Subject to only limited exceptions, the Americans with Disabilities Act (“ADA”) forbids an employer from requiring that employees submit to a medical inquiry or examination. However, the statute also contains a “safe-harbor” exemption under which an employer may observe “the terms of a bona fide benefit plan that are based on underwriting risks, classifying risks, or administering such risks.” Some employers rely on this safe harbor to justify aspects of employee wellness programs that would otherwise violate the ADA prohibition. Although the Equal Employment Opportunity Commission (“EEOC”) disagrees with this approach, courts are beginning to side with the employers. The latest court to do so, in EEOC v. Flambeau, Inc., is a federal trial court based in Wisconsin.
Although this benefit-plan safe harbor has long been a part of the ADA, the first reported decision in which it was used to defend a wellness program came in 2011. As reported in our May 13, 2011, article, the case of Seff v. Broward County involved a county’s assessment of a $20 bi-weekly penalty against any health plan participant who refused to complete a health risk assessment (“HRA”) and submit to a biometric screening. Citing this benefit-plan safe harbor, a Florida federal trial court upheld the county’s wellness program against an ADA challenge. That decision was then upheld by the Eleventh U.S. Circuit Court of Appeals.
The Flambeau court is apparently the first to address this question since the Eleventh Circuit’s decision in Seff. The Wisconsin court was not bound to follow the Eleventh Circuit’s lead. Moreover, in April of 2015, the EEOC had issued proposed regulations under the ADA. And in a footnote to those regulations, the EEOC specifically disagreed with the Seff decision.
Nonetheless, the Flambeau court held that the benefit-plan safe harbor did apply in this context. In addition to noting that the EEOC regulations were merely proposed, the court went on to disagree with the EEOC’s position.
The facts underlying the Flambeau decision were as follows. The employer had established a fairly typical wellness program.
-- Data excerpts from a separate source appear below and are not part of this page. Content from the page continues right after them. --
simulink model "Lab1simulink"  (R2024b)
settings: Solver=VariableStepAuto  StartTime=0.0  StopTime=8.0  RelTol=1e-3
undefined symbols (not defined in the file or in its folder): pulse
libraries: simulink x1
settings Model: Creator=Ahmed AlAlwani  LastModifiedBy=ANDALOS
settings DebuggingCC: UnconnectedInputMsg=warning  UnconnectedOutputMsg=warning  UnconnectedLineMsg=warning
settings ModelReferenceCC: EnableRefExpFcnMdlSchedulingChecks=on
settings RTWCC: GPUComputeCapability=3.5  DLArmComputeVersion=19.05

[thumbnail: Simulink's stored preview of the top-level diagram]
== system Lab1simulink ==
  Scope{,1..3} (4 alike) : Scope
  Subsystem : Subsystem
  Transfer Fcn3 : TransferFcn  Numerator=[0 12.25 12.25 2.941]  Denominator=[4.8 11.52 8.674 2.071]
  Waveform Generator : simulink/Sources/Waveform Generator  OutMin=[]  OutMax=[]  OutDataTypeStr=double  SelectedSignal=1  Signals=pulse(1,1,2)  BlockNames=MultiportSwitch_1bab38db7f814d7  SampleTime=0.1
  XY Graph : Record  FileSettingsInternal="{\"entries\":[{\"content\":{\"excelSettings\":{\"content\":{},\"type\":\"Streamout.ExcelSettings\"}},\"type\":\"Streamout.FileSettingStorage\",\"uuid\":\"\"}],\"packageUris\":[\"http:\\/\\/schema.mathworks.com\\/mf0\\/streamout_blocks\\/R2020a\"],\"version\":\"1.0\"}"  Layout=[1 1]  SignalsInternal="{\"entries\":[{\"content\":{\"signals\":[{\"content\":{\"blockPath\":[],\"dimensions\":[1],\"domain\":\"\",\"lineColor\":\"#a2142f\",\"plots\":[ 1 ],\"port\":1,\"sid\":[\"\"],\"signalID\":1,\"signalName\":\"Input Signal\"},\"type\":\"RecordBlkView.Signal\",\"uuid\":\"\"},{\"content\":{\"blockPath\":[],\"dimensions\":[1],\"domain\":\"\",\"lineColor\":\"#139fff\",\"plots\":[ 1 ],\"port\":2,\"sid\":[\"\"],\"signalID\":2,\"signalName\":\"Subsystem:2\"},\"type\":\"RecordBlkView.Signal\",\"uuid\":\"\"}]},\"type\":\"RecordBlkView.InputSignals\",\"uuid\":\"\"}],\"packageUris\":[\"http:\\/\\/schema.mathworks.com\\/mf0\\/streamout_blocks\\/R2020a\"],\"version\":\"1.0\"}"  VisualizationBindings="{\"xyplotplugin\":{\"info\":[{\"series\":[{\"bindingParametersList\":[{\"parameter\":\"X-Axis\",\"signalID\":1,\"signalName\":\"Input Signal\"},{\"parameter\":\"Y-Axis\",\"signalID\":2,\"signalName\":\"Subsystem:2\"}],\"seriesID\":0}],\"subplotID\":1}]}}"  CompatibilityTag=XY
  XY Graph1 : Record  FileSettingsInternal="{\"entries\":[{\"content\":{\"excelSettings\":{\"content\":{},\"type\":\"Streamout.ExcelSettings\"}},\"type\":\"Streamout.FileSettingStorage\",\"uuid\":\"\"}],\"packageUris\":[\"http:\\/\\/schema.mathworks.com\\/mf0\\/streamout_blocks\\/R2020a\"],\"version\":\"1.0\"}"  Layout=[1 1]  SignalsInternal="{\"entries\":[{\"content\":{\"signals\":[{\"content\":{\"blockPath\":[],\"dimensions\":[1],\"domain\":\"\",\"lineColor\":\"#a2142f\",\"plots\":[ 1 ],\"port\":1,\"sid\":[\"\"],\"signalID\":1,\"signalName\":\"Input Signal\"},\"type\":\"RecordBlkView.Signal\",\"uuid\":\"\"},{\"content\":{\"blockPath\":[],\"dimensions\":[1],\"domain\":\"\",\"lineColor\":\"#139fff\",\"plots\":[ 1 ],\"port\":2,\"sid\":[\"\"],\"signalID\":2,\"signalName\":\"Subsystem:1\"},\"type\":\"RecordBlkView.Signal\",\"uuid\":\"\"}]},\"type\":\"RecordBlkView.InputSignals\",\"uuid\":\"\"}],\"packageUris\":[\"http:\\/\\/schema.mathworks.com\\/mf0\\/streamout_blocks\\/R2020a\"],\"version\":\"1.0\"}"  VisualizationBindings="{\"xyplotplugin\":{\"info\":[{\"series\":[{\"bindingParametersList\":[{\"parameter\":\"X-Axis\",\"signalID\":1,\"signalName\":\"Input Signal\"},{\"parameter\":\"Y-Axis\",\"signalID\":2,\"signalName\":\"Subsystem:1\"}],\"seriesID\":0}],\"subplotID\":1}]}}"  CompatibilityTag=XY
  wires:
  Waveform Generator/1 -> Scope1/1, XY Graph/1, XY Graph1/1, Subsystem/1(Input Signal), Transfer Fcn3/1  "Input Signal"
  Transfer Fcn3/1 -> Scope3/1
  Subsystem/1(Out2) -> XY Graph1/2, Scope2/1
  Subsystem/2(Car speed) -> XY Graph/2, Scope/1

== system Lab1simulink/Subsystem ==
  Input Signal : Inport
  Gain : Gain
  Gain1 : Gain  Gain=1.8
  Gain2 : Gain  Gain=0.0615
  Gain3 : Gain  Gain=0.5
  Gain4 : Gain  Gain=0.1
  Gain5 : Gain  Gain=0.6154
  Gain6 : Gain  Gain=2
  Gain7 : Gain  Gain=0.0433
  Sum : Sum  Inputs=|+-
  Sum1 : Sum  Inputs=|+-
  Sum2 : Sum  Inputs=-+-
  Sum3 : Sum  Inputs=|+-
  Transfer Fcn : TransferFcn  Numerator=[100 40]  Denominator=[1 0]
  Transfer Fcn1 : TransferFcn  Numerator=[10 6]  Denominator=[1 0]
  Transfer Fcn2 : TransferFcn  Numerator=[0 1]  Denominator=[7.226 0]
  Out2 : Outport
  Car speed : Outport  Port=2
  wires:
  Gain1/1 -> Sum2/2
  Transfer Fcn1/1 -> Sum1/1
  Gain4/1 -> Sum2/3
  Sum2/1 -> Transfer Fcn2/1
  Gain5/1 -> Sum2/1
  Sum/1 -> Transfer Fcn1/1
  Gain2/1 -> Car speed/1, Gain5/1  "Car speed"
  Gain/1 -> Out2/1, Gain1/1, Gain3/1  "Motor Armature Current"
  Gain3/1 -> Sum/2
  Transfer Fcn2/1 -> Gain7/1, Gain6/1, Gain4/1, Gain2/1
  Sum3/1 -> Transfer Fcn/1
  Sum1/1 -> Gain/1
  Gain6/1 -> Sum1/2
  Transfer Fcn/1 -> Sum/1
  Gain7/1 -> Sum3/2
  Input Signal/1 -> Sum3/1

It required the completion of an HRA, as well as a biometric screening (height and weight measurements, a blood pressure test, and a blood draw). During the program’s initial year, employees who participated received a $600 annual credit against their health plan premiums. During subsequent years, however, the credit was eliminated. Instead, employees could obtain coverage under the employer’s health plan only by participating in the wellness program. (Because employees were not required to have health coverage, participation in the wellness program was not a condition of employment.)
The EEOC’s proposed regulations would expressly prohibit the conditioning of coverage under a health plan (or any option within such a plan) on an employee’s participation in a wellness program. By upholding this employer’s wellness program, the Flambeau court expressly rejected this aspect of the EEOC regulations.
Of course, the Flambeau decision is limited to wellness programs that fall within the benefit-plan safe harbor. For instance, this safe harbor requires that any medical examination constitute a “term” of the underlying health plan. The Flambeau court found it significant that there was a direct connection between the employer’s wellness program and participation in its health plan. Moreover, the employer used the aggregate information learned from the HRAs and biometric screenings to estimate the cost of providing health coverage, thereby allowing it to set the level of employee premiums, evaluate the need for stop-loss insurance coverage, and adjust co-pays for certain services and prescription drugs. The court therefore found that the wellness program (including its required medical examinations) was a “term” of the employer’s health plan.
On this point, the Flambeau court did struggle with the fact that the wellness program was not referenced in either the health plan document or its summary plan description. Although the court was ultimately persuaded that this failure was not fatal to the employer’s reliance on the safe harbor (in view of other employee communications on the topic), any employer wishing to rely on this safe harbor would be well-advised to describe the wellness program’s terms in the health plan’s SPD.
Under the Flambeau court’s analysis, wellness programs that are not directly tied to an employer’s health plan could fall outside this safe harbor. For instance, an employer should not simply require that all employees complete a health risk assessment or biometric screening – without regard to their participation in the employer’s health plan. Nor should an employer attempt to use the information gained in this way for purposes unrelated to that plan.
This decision is far from the final word on the subject. Although all of the courts presented with this question have thus far ruled against the EEOC, there is no guarantee that other courts will do likewise. Moreover, should the EEOC finalize its proposed regulations in essentially their current form, courts could feel more bound to follow that EEOC guidance. In short, although the Flambeau decision should provide some additional comfort to employers wishing to condition health plan participation on an employee’s completion of an HRA or biometric screening, there is still no guarantee that doing so will pass muster under the ADA.